Fun with User-Agents: Firefox and IE7
One of the key parts of FeedBurner's stats processing is trying to determine if a request for a feed represents a casual, drive-by browse or an intentioned subscriber. It has gotten a little bit more complicated lately as some clients serve double-duty. I wanted to share with you how we handle the requests from the two most popular browsers, Firefox and Internet Explorer 7.

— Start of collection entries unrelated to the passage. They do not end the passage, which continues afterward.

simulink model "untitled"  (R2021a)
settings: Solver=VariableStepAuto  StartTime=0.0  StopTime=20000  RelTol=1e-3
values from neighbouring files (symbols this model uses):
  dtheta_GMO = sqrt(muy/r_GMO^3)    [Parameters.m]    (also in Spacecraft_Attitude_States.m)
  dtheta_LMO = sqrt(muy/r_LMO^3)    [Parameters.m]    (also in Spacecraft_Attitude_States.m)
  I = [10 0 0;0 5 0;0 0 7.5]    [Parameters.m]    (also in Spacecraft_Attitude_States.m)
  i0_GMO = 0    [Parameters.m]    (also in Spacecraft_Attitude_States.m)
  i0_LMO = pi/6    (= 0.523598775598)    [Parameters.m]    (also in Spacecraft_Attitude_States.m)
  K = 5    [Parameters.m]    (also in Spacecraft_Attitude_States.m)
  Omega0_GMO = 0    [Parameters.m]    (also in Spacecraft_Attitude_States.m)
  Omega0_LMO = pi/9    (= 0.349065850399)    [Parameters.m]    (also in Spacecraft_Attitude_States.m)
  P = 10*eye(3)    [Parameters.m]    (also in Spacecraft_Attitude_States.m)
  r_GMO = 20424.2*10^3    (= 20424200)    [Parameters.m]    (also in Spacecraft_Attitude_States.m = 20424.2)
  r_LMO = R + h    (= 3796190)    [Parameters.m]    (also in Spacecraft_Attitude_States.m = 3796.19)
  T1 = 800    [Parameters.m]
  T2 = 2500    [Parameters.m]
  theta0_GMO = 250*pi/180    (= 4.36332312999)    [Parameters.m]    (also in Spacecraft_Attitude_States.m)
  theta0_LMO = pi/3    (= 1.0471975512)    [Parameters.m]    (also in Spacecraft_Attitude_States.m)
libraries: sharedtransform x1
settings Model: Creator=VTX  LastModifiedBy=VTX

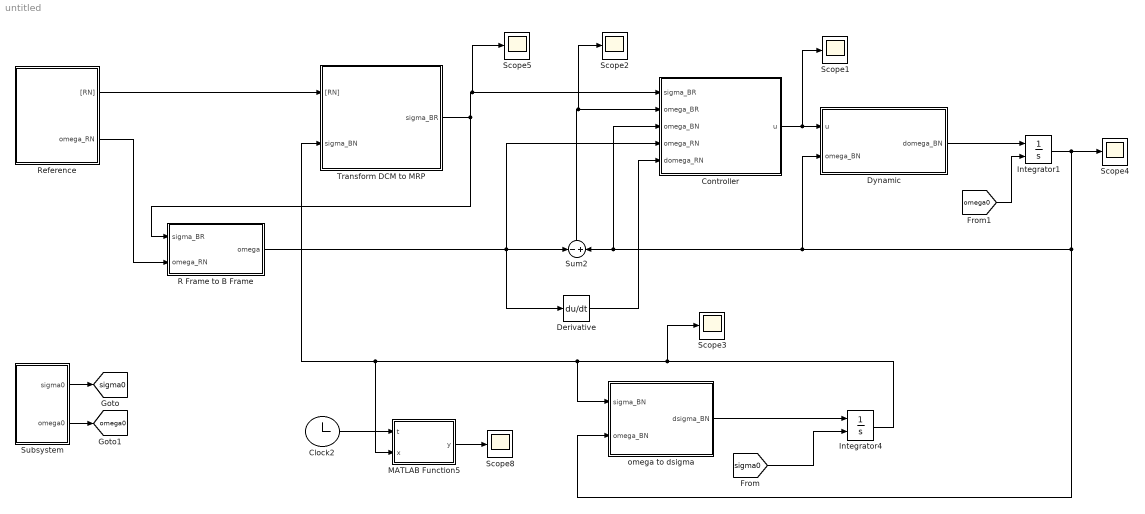
== system untitled ==
  Clock2 : Clock
  Controller : MATLAB Function  TreatAsAtomicUnit=on
  Derivative : Derivative
  Dynamic : MATLAB Function  TreatAsAtomicUnit=on
  Integrator1 : Integrator  InitialConditionSource=external  InitialCondition=[1;1.75;-2.2]*pi/180
  Integrator4 : Integrator  InitialConditionSource=external  InitialCondition=[0.3;-0.4;0.5]
  MATLAB Function5 : MATLAB Function  TreatAsAtomicUnit=on
  R Frame to B Frame : MATLAB Function  TreatAsAtomicUnit=on
  Reference : Subsystem
  Scope{1..5,8} (6 alike) : Scope
  Subsystem : Subsystem
  Sum2 : Sum  Inputs=-|+
  Transform DCM to MRP : Subsystem
  omega to dsigma : MATLAB Function  TreatAsAtomicUnit=on
  tag scope: omega0=global, sigma0=global
  wires:
  Integrator1/1 -> Dynamic/2(omega_BN), Controller/3(omega_BN), Sum2/2, omega to dsigma/2(omega_BN), Scope4/1
  Sum2/1 -> Scope2/1, Controller/2(omega_BR)
  [sigma0] -> Integrator4/2
  [omega0] -> Integrator1/2
  Derivative/1 -> Controller/5(domega_RN)
  Clock2/1 -> MATLAB Function5/1(t)
  Integrator4/1 -> Scope3/1, Transform DCM to MRP/2(sigma_BN), MATLAB Function5/2(x), omega to dsigma/1(sigma_BN)
  Subsystem/1(sigma0) -> [sigma0]
  Subsystem/2(omega0) -> [omega0]
  Dynamic/1(domega_BN) -> Integrator1/1
  Reference/1("[RN]") -> Transform DCM to MRP/1("[RN]")
  Transform DCM to MRP/1(sigma_BR) -> R Frame to B Frame/1(sigma_BR), Scope5/1, Controller/1(sigma_BR)
  R Frame to B Frame/1(omega) -> Sum2/1, Derivative/1, Controller/4(omega_RN)
  omega to dsigma/1(dsigma_BN) -> Integrator4/1
  Controller/1(u) -> Scope1/1, Dynamic/1(u)
  Reference/2(omega_RN) -> R Frame to B Frame/2(omega_RN)
  MATLAB Function5/1(y) -> Scope8/1

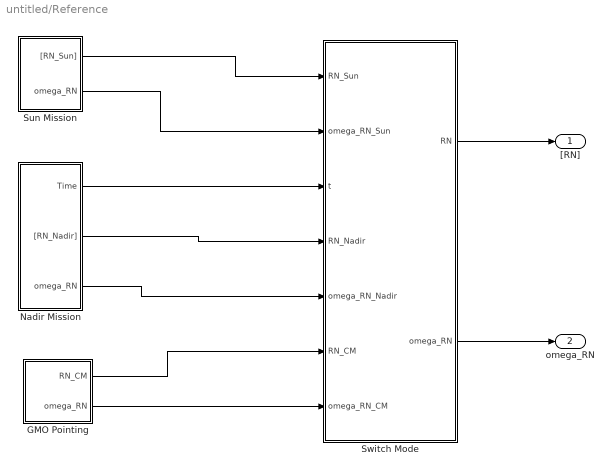
== system untitled/Reference ==
  GMO Pointing : Subsystem
  Nadir Mission : Subsystem
  Sun Mission : Subsystem
  Switch Mode : MATLAB Function  TreatAsAtomicUnit=on
  "[RN]" : Outport
  omega_RN : Outport  Port=2
  wires:
  Switch Mode/2(omega_RN) -> omega_RN/1
  Switch Mode/1(RN) -> "[RN]"/1
  Sun Mission/1("[RN_Sun]") -> Switch Mode/1(RN_Sun)
  Sun Mission/2(omega_RN) -> Switch Mode/2(omega_RN_Sun)
  Nadir Mission/1(Time) -> Switch Mode/3(t)
  Nadir Mission/2("[RN_Nadir]") -> Switch Mode/4(RN_Nadir)
  Nadir Mission/3(omega_RN) -> Switch Mode/5(omega_RN_Nadir)
  GMO Pointing/1(RN_CM) -> Switch Mode/6(RN_CM)
  GMO Pointing/2(omega_RN) -> Switch Mode/7(omega_RN_CM)

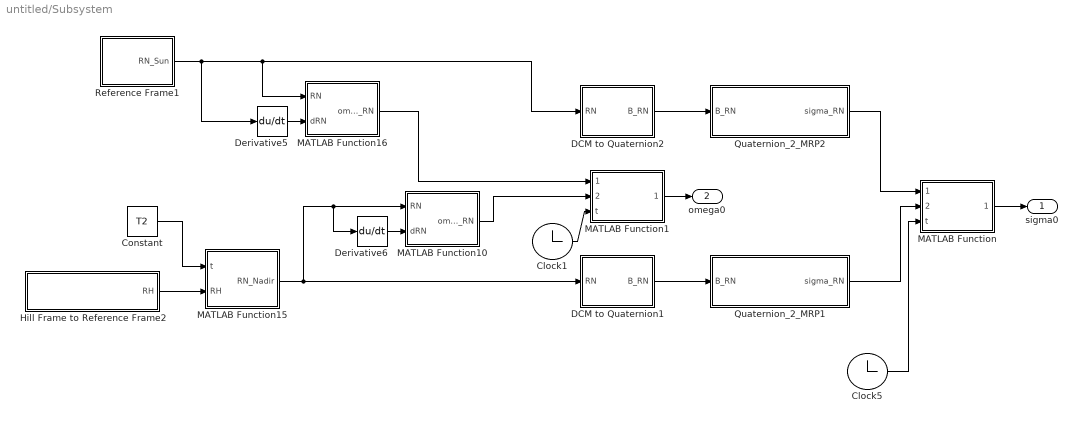
== system untitled/Subsystem ==
  Clock1 : Clock
  Clock5 : Clock
  Constant : Constant  Value=T2
  DCM to Quaternion1 : MATLAB Function  TreatAsAtomicUnit=on
  DCM to Quaternion2 : MATLAB Function  TreatAsAtomicUnit=on
  Derivative5 : Derivative
  Derivative6 : Derivative
  Hill Frame to Reference Frame2 : MATLAB Function  TreatAsAtomicUnit=on
  MATLAB Function : MATLAB Function  TreatAsAtomicUnit=on
  MATLAB Function1 : MATLAB Function  TreatAsAtomicUnit=on
  MATLAB Function10 : MATLAB Function  TreatAsAtomicUnit=on
  MATLAB Function15 : MATLAB Function  TreatAsAtomicUnit=on
  MATLAB Function16 : MATLAB Function  TreatAsAtomicUnit=on
  Quaternion_2_MRP1 : MATLAB Function  TreatAsAtomicUnit=on
  Quaternion_2_MRP2 : MATLAB Function  TreatAsAtomicUnit=on
  Reference Frame1 : MATLAB Function  TreatAsAtomicUnit=on
  sigma0 : Outport
  omega0 : Outport  Port=2
  wires:
  MATLAB Function15/1(RN_Nadir) -> DCM to Quaternion1/1(RN), Derivative6/1, MATLAB Function10/1(RN)
  Reference Frame1/1(RN_Sun) -> Derivative5/1, DCM to Quaternion2/1(RN), MATLAB Function16/1(RN)
  ? -> ?
  Hill Frame to Reference Frame2/1(RH) -> MATLAB Function15/2(RH)
  Derivative5/1 -> MATLAB Function16/2(dRN)
  MATLAB Function16/1(omega_RN) -> MATLAB Function1/1(omega_RN_Sun)
  Derivative6/1 -> MATLAB Function10/2(dRN)
  Constant/1 -> MATLAB Function15/1(t)
  DCM to Quaternion2/1(B_RN) -> Quaternion_2_MRP2/1(B_RN)
  DCM to Quaternion1/1(B_RN) -> Quaternion_2_MRP1/1(B_RN)
  Quaternion_2_MRP2/1(sigma_RN) -> MATLAB Function/1(sigma_RN_Sun)
  Quaternion_2_MRP1/1(sigma_RN) -> MATLAB Function/2(sigma_RN_Nadir)
  Clock5/1 -> MATLAB Function/3(t)
  MATLAB Function/1(sigma0) -> sigma0/1
  MATLAB Function10/1(omega_RN) -> MATLAB Function1/2(omega_RN_Nadir)
  Clock1/1 -> MATLAB Function1/3(t)
  MATLAB Function1/1(omega0) -> omega0/1

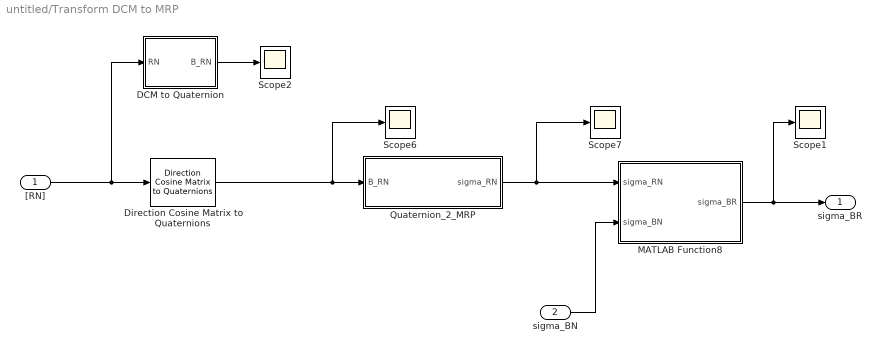
== system untitled/Transform DCM to MRP ==
  "[RN]" : Inport
  sigma_BN : Inport  Port=2
  DCM to Quaternion : MATLAB Function  TreatAsAtomicUnit=on
  Direction Cosine Matrix to Quaternions : sharedtransform/Direction Cosine Matrix  to Quaternions  aMode=0  action=None  tolerance=eps(2)
      settings: SourceProductBaseCode=AE,PW,DR,MT,UV,VE
  MATLAB Function8 : MATLAB Function  TreatAsAtomicUnit=on
  Quaternion_2_MRP : MATLAB Function  TreatAsAtomicUnit=on
  Scope{1..2,6..7} (4 alike) : Scope
  sigma_BR : Outport
  wires:
  Direction Cosine Matrix to Quaternions/1 -> Scope6/1, Quaternion_2_MRP/1(B_RN)
  Quaternion_2_MRP/1(sigma_RN) -> Scope7/1, MATLAB Function8/1(sigma_RN)
  sigma_BN/1 -> MATLAB Function8/2(sigma_BN)
  MATLAB Function8/1(sigma_BR) -> Scope1/1, sigma_BR/1
  "[RN]"/1 -> DCM to Quaternion/1(RN), Direction Cosine Matrix to Quaternions/1
  DCM to Quaternion/1(B_RN) -> Scope2/1

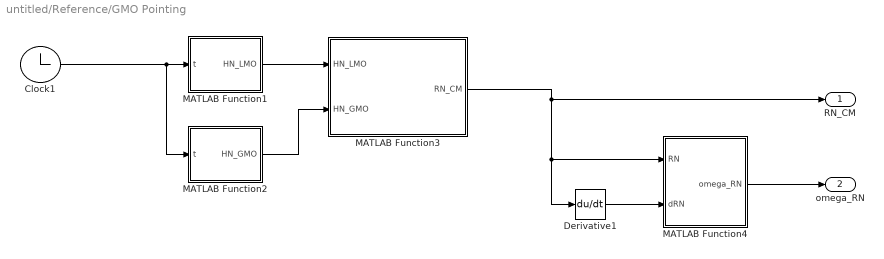
== system untitled/Reference/GMO Pointing ==
  Clock1 : Clock
  Derivative1 : Derivative
  MATLAB Function1 : MATLAB Function  TreatAsAtomicUnit=on
  MATLAB Function2 : MATLAB Function  TreatAsAtomicUnit=on
  MATLAB Function3 : MATLAB Function  TreatAsAtomicUnit=on
  MATLAB Function4 : MATLAB Function  TreatAsAtomicUnit=on
  RN_CM : Outport
  omega_RN : Outport  Port=2
  wires:
  Derivative1/1 -> MATLAB Function4/2(dRN)
  MATLAB Function1/1(HN_LMO) -> MATLAB Function3/1(HN_LMO)
  Clock1/1 -> MATLAB Function2/1(t), MATLAB Function1/1(t)
  MATLAB Function2/1(HN_GMO) -> MATLAB Function3/2(HN_GMO)
  MATLAB Function3/1(RN_CM) -> Derivative1/1, MATLAB Function4/1(RN), RN_CM/1
  MATLAB Function4/1(omega_RN) -> omega_RN/1

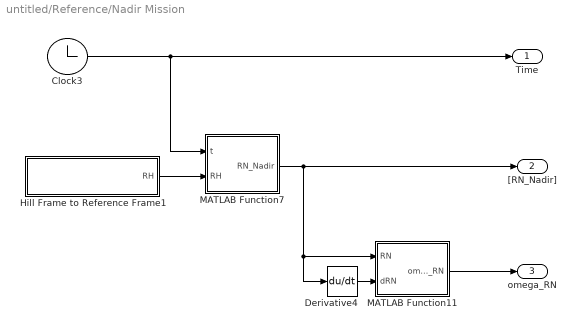
== system untitled/Reference/Nadir Mission ==
  Clock3 : Clock
  Derivative4 : Derivative
  Hill Frame to Reference Frame1 : MATLAB Function  TreatAsAtomicUnit=on
  MATLAB Function11 : MATLAB Function  TreatAsAtomicUnit=on
  MATLAB Function7 : MATLAB Function  TreatAsAtomicUnit=on
  Time : Outport
  "[RN_Nadir]" : Outport  Port=2
  omega_RN : Outport  Port=3
  wires:
  Clock3/1 -> Time/1, MATLAB Function7/1(t)
  MATLAB Function11/1(omega_RN) -> omega_RN/1
  MATLAB Function7/1(RN_Nadir) -> "[RN_Nadir]"/1, Derivative4/1, MATLAB Function11/1(RN)
  Hill Frame to Reference Frame1/1(RH) -> MATLAB Function7/2(RH)
  Derivative4/1 -> MATLAB Function11/2(dRN)

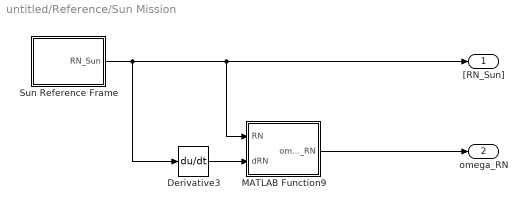
== system untitled/Reference/Sun Mission ==
  Derivative3 : Derivative
  MATLAB Function9 : MATLAB Function  TreatAsAtomicUnit=on
  Sun Reference Frame : MATLAB Function  TreatAsAtomicUnit=on
  "[RN_Sun]" : Outport
  omega_RN : Outport  Port=2
  wires:
  Derivative3/1 -> MATLAB Function9/2(dRN)
  Sun Reference Frame/1(RN_Sun) -> Derivative3/1, "[RN_Sun]"/1, MATLAB Function9/1(RN)
  MATLAB Function9/1(omega_RN) -> omega_RN/1

== matlab function untitled/Reference/GMO Pointing/MATLAB Function3 ==
  data: RN_CM output; HN_LMO input; HN_GMO input; r_LMO parameter; r_GMO parameter
function RN_CM = fcn(HN_LMO, HN_GMO,r_LMO, r_GMO)
    R_LMO = r_LMO*HN_LMO'*[1 0 0]';
    R_GMO = r_GMO*HN_GMO'*[1 0 0]';
    delta_R = R_GMO - R_LMO;
    
    r1 = delta_R/norm(delta_R);
    r2 = cross(delta_R,[0 0 1]')/norm(cross(delta_R,[0 0 1]'));
    r3 = cross(r1,r2);
    
    RN_CM = [r1 r2 r3]';
end

== matlab function untitled/Reference/GMO Pointing/MATLAB Function4 ==
  data: RN input; omega_RN output; dRN input
function omega_RN = fcn(RN,dRN)
    omega_RN_tidle = -dRN*RN';
    o1 = omega_RN_tidle(3,2);
    o2 = omega_RN_tidle(1,3);
    o3 = omega_RN_tidle(2,1);
    omega_RN = [o1 o2 o3]';
end

== matlab function untitled/MATLAB Function5 ==
  data: t input; y output; x input; T1 parameter
function y = fcn(t,x,T1)
    y = [0 0 0]';
    if t == T1
        y = x;
    end
end

== matlab function untitled/Subsystem/Hill Frame to Reference Frame2 ==
  data: RH output
function RH = fcn()
RH = [-1 0 0;0 1 0;0 0 -1];
end

== matlab function untitled/Subsystem/MATLAB Function10 ==
  data: RN input; omega_RN output; dRN input
function omega_RN = fcn(RN,dRN)
    omega_RN_tidle = -dRN*RN';
    o1 = omega_RN_tidle(3,2);
    o2 = omega_RN_tidle(1,3);
    o3 = omega_RN_tidle(2,1);
    omega_RN = [o1 o2 o3]';
end

== matlab function untitled/Subsystem/DCM to Quaternion2 ==
  data: RN input; B_RN output size=4
function B_RN = fcn(RN)
    trace = RN(1,1) + RN(2,2) + RN(3,3);
    beta0 = (0.25*(1 + trace));
    beta1 = (0.25*(1 + 2*RN(1,1) - trace));
    beta2 = (0.25*(1 + 2*RN(2,2) - trace));
    beta3 = (0.25*(1 + 2*RN(3,3) - trace));
    
    m = max([beta0 beta1 beta2 beta3]);

    B0 = 0; B1 = 0; B2 = 0; B3 = 0;
    
    if beta0 == m
        B0 = sqrt(beta0);
        B1 = (RN(2,3)-RN(3,2))/(4*B0);
        B2 = (RN(3,1)-RN(1,3))/(4*B0);
        B3 = (RN(1,2)-RN(2,1))/(4*B0);
    elseif beta1 == m
        B1 = sqrt(beta1);
        B0 = (RN(2,3)-RN(3,2))/(4*B1);
        B2 = (RN(1,2)+RN(2,1))/(4*B1);
        B3 = (RN(3,1)+RN(1,3))/(4*B1);
    elseif beta2 == m
        B2 = sqrt(beta2);
        B0 = (RN(3,1)-RN(1,3))/(4*B2);
        B1 = (RN(1,2)+RN(2,1))/(4*B2);
        B3 = (RN(2,3)+RN(3,2))/(4*B2);
    elseif beta3 == m
        B3 = sqrt(beta3);
        B0 = (RN(1,2)-RN(2,1))/(4*B3);
        B1 = (RN(3,1)+RN(1,3))/(4*B3);
        B2 = (RN(2,3)+RN(3,2))/(4*B3);
    end
    
    B_RN = [B0 B1 B2 B3]';
end

== matlab function untitled/Subsystem/Quaternion_2_MRP2 ==
  data: B_RN input; sigma_RN output
function sigma_RN  = fcn(B_RN)
    sigma1 = B_RN(2)/(1 + B_RN(1));
    sigma2 = B_RN(3)/(1 + B_RN(1));
    sigma3 = B_RN(4)/(1 + B_RN(1));
    
    sigma_RN = [sigma1 sigma2 sigma3]';

    if norm(sigma_RN) >= 1
        sigma1 = -B_RN(2)/(1 - B_RN(1));
        sigma2 = -B_RN(3)/(1 - B_RN(1));
        sigma3 = -B_RN(4)/(1 - B_RN(1));
    
        sigma_RN = [sigma1 sigma2 sigma3]';
    end   
end

== matlab function untitled/Subsystem/DCM to Quaternion1 ==
  data: RN input; B_RN output size=4
function B_RN = fcn(RN)
    trace = RN(1,1) + RN(2,2) + RN(3,3);
    beta0 = (0.25*(1 + trace));
    beta1 = (0.25*(1 + 2*RN(1,1) - trace));
    beta2 = (0.25*(1 + 2*RN(2,2) - trace));
    beta3 = (0.25*(1 + 2*RN(3,3) - trace));
    
    m = max([beta0 beta1 beta2 beta3]);

    B0 = 0; B1 = 0; B2 = 0; B3 = 0;
    
    if beta0 == m
        B0 = sqrt(beta0);
        B1 = (RN(2,3)-RN(3,2))/(4*B0);
        B2 = (RN(3,1)-RN(1,3))/(4*B0);
        B3 = (RN(1,2)-RN(2,1))/(4*B0);
    elseif beta1 == m
        B1 = sqrt(beta1);
        B0 = (RN(2,3)-RN(3,2))/(4*B1);
        B2 = (RN(1,2)+RN(2,1))/(4*B1);
        B3 = (RN(3,1)+RN(1,3))/(4*B1);
    elseif beta2 == m
        B2 = sqrt(beta2);
        B0 = (RN(3,1)-RN(1,3))/(4*B2);
        B1 = (RN(1,2)+RN(2,1))/(4*B2);
        B3 = (RN(2,3)+RN(3,2))/(4*B2);
    elseif beta3 == m
        B3 = sqrt(beta3);
        B0 = (RN(1,2)-RN(2,1))/(4*B3);
        B1 = (RN(3,1)+RN(1,3))/(4*B3);
        B2 = (RN(2,3)+RN(3,2))/(4*B3);
    end
    
    B_RN = [B0 B1 B2 B3]';
end

== matlab function untitled/Controller ==
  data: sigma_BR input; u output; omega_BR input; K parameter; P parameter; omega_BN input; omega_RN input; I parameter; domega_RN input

The Firefox browser can also be used as a feed-reading client with the Live Bookmarks feature. So, the key for FeedBurner is to determine if a request for a feed is coming from Live Bookmarks (where we can count it as a subscriber) or from a visitor that just happened to click on the feed chicklet (where we just report it as a browser hit). Up until Firefox version 220.127.116.11, we really have to guess, since the requests for the most part look identical: they both have a User-Agent that looks like Mozilla/.*Firefox/.*. So, what we do is that we look at a couple of other headers: X-Moz and Referer. So the logic tree looks like this:
If version < 18.104.22.168 and (X-Moz: prefetch or Referer is not empty), then it's a browser.
Otherwise, it's a Live Bookmarks request.
That's not ideal, because if someone just types in the feed URL in the location bar or launches the feed URL from a different app, we'll count it as a Live Bookmarks hit because the Referer will be empty. But we have nothing else to hang onto.
Firefox 22.214.171.124 has a wonderful new addition that makes this tracking much more accurate. Now, if the request is coming from Live Bookmarks, there will be an X-Moz: livebookmarks header. We can detect that and we don't have to do the referrer guessing game.
If version >= 126.96.36.199 and X-Moz: livebookmarks, then it's a Live Bookmarks request.
Otherwise, it's a browser request.
Internet Explorer 7
The latest version of Internet Explorer adds feed reading capabilities by leveraging the Windows RSS Platform. So, on the surface, things seem really straight-forward, since the Windows RSS Platform has its own User-Agent that's distinct from the IE7 User-Agent.
If User-Agent matches Windows[- ]RSS[- ]Platform/\S+ .*, then it's a "Windows RSS Platform" subscription.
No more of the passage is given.